The above command will take the 90-class version of the coco detection data, fraction only 20% of it, selecting samples using a 123 random seed. That new smaller dataset will be exported as coco using the export_data command.

All Optimizer and Scheduler Options

Optimizer

How to Configure

The optimizer can be configured using a change on command line:

CODE

af [...] model.module.optimizer.moniker=timm.adamw

Change in YAML:

CODE

model:
  module:
    optimizer:
      moniker: timm.adamw

Supported Values

CODE

torch:Adadelta
torch:Adagrad
torch:Adam
torch:AdamW
torch:SparseAdam
torch:Adamax
torch:ASGD
torch:LBFGS
torch:NAdam
torch:RAdam
torch:RMSprop
torch:Rprop
torch:SGD
timm:sgd
timm:nesterov
timm:momentum
timm:sgdp
timm:adam
timm:adamw
timm:adamp
timm:nadam
timm:radam
timm:adamax
timm:adabelief
timm:radabelief
timm:adadelta
timm:adagrad
timm:adafactor
timm:lamb
timm:lambc
timm:larc
timm:lars
timm:nlarc
timm:nlars
timm:madgrad
timm:madgradw
timm:novograd
timm:nvnovograd
timm:rmsprop
timm:rmsproptf

Schedulers

How to Configure

The schedulers can be configured either via the command line OR by modifying the recipe YAML file directly.

Note: internally schedulers are groups of values, so the syntax for command line and YAML file changes is different than changes to single values.
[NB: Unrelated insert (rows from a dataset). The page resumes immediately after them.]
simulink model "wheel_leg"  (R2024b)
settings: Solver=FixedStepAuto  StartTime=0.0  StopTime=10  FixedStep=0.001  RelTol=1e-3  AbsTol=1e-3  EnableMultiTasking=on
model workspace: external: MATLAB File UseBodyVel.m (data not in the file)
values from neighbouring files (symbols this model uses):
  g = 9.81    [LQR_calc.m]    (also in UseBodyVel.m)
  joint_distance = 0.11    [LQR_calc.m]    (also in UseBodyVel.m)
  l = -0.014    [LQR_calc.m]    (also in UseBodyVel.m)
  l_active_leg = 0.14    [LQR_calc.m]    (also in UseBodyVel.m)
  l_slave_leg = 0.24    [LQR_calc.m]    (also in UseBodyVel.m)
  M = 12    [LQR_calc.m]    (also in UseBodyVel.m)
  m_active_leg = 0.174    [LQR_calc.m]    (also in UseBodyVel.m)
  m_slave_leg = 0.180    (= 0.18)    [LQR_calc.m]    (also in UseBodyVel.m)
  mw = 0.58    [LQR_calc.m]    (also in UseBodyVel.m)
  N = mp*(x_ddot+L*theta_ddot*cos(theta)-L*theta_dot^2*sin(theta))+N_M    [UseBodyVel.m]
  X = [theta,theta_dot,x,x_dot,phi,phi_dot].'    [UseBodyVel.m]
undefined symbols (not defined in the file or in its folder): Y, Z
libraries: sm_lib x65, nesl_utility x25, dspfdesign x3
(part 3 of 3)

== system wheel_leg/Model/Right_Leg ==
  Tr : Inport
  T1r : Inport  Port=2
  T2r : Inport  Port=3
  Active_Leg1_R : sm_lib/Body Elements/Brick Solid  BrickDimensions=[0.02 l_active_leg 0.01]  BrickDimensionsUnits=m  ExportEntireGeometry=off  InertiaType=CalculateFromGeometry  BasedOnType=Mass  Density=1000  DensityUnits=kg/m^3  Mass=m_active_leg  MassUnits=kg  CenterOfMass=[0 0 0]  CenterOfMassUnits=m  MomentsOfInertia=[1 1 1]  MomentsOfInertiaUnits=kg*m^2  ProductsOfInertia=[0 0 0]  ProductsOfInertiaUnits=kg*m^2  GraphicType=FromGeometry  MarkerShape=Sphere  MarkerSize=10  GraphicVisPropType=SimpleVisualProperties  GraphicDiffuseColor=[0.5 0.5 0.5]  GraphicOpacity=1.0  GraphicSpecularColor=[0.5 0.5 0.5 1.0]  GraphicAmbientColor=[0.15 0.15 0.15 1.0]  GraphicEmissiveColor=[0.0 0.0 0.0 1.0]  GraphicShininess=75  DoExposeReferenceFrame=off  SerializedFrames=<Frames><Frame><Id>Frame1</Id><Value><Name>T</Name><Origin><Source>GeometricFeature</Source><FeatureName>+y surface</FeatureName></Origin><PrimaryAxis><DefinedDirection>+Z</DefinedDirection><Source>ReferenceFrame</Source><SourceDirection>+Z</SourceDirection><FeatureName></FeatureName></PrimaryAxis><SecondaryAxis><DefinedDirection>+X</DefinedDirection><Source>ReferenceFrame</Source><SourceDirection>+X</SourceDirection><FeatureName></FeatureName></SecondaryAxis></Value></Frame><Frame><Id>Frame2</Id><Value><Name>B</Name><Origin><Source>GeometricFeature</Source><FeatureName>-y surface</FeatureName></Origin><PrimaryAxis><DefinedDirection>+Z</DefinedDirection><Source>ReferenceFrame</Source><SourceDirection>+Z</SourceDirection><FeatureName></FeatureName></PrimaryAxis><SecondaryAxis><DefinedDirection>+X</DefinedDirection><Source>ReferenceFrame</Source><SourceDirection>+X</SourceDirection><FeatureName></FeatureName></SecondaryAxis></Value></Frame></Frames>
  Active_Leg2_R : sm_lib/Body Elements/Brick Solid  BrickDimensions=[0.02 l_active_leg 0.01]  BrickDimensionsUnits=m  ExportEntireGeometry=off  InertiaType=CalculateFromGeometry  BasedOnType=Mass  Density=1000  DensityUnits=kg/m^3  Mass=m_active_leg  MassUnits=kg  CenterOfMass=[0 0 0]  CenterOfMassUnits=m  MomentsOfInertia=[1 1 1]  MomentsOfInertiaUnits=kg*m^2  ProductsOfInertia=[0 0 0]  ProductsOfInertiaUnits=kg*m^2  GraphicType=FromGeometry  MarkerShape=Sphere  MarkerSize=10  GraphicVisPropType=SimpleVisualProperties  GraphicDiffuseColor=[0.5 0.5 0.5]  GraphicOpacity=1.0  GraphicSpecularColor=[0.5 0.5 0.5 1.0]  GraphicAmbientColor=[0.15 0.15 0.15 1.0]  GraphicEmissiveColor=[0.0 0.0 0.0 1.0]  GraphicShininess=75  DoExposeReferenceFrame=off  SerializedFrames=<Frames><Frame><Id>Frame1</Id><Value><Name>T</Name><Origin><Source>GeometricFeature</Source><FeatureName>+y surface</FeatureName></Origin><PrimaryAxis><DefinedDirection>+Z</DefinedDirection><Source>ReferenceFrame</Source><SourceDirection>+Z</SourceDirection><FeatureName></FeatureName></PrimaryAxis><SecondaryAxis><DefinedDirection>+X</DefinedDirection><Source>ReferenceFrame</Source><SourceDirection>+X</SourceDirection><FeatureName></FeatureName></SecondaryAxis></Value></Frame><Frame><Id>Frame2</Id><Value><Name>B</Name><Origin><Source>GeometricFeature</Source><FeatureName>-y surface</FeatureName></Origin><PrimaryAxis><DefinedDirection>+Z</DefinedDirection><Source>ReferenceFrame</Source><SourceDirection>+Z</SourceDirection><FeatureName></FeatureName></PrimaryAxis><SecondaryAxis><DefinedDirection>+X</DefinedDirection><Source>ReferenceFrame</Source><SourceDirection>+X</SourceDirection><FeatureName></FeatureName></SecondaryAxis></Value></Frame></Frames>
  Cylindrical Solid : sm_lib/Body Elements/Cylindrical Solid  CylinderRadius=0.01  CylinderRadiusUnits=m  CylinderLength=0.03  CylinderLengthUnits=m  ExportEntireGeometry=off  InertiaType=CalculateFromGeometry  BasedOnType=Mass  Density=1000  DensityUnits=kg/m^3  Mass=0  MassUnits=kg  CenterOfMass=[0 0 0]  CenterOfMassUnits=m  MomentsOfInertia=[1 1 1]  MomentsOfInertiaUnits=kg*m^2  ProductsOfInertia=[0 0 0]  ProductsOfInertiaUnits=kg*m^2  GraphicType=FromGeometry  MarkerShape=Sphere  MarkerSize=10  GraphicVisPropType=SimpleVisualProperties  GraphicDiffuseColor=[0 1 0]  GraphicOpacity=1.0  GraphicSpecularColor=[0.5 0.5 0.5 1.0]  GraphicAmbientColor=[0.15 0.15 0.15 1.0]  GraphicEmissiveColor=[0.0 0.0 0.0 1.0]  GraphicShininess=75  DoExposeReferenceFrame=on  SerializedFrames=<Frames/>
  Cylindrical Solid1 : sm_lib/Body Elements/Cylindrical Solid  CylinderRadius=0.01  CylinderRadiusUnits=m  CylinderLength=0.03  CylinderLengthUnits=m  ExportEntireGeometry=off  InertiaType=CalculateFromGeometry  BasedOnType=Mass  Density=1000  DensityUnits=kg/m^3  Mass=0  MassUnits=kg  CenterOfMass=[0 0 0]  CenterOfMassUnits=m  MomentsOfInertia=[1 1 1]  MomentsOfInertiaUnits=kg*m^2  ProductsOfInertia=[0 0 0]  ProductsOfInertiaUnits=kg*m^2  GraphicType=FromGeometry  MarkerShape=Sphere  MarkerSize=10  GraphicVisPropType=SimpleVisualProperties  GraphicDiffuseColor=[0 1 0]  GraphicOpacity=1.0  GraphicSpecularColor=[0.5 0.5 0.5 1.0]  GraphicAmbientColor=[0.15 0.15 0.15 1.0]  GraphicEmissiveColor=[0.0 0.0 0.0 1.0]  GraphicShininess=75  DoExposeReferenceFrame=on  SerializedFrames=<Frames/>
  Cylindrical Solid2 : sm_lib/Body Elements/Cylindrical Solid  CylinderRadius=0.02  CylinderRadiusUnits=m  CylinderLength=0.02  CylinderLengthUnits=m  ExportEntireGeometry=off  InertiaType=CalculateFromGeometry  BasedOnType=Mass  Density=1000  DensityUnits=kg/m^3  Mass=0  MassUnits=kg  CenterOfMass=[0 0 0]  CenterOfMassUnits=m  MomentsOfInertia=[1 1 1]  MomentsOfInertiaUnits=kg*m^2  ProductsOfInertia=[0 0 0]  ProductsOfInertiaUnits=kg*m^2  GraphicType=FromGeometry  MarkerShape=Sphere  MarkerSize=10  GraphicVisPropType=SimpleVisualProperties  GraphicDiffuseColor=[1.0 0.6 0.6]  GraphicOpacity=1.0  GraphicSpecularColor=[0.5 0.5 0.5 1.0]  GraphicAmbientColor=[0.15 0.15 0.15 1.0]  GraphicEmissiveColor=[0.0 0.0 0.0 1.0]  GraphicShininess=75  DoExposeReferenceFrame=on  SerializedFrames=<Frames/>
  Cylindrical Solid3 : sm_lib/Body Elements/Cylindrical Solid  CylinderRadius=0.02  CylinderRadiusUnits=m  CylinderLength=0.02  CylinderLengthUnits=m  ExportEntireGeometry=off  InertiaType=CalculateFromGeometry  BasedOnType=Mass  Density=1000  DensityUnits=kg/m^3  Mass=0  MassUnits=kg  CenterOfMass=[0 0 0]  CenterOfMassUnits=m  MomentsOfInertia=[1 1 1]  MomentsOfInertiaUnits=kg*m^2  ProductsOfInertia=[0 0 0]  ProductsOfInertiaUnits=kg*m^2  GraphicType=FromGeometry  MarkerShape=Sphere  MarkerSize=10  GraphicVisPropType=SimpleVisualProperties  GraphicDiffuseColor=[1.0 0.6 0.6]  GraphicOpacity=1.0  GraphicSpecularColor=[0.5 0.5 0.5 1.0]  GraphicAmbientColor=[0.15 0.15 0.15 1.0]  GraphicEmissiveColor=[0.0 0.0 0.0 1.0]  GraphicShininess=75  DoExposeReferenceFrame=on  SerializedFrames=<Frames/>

Change the scheduler on command line:

CODE

af [...] model/module/scheduler=OneCycle

Supported Values

CODE

ExponentialDecay
ReduceOnPlateau
OneCycle
OneCycleAnnealed

`model/module/scheduler=ExponentialDecayScaled`

Reference: https://pytorch.org/docs/stable/generated/torch.optim.lr_scheduler.ExponentialLR.html#exponentiallr

Parameter	Parameter Explanation
`model.module.optimizer.lr`	Starting LR (eg. 0.01)
`model.module.scheduler.actual.gamma`	Decay rate (eg 0.95)
`model.module.scheduler.actual.[XXX]`	Any other parameter of torch scheduler

`model/module/scheduler=ExponentialDecayScaled`

Reference: https://pytorch.org/docs/stable/generated/torch.optim.lr_scheduler.ExponentialLR.html#exponentiallr

Parameter	Parameter Explanation
`trainer.max_epochs`	Max epoch for LR scaling (e.g. 42)
`model.module.optimizer.lr`	Starting LR (e.g. 0.1)
`model.module.scheduler._recipe_.lr_end`	Ending LR at last epoch (e.g. 0.0001)
`model.module.scheduler.actual.[XXX]`	Any other parameter of torch scheduler

`model/module/scheduler=OneCycle`

Reference: https://pytorch.org/docs/stable/generated/torch.optim.lr_scheduler.OneCycleLR.html

Parameter	Parameter Explanation
`trainer.max_epochs`	Max epoch for LR scheduling (e.g. 42)
`model.module.optimizer.lr`	Max LR (e.g. 0.1)
`model.module.scheduler.actual.[XXX]`	Any parameter of torch scheduler

`model/module/scheduler=OneCycleAnnealed`

Two phase LR: (1) OneCycle → (2) constant LR annealing

References:

Parameter	Parameter Explanation
`model.module.scheduler._recipe_.epochs_onecycle`	# of epochs for initial OneCycle
`model.module.scheduler._recipe_.constant_lr_factor`	factor of initial LR to anneal
`model.module.optimizer.lr`	Max LR (e.g., 0.1)
`model.module.scheduler.actual.[XXX]`	Any parameter of torch sequential scheduler
`model.module.scheduler.actual._schedulers_[0].[XXX]`	Any parameter of first phase OneCycle scheduler
`model.module.scheduler.actual._schedulers_[1].[XXX]`	Any parameter of second phase constant scheduler
`model.module.scheduler=ReducedOnPlateau`	Reduces the learning rate when a metric has stopped improving.
`model.module.scheduler=CosineAnneling`	Sets the learning rate of each parameter group using a cosine annealing schedule.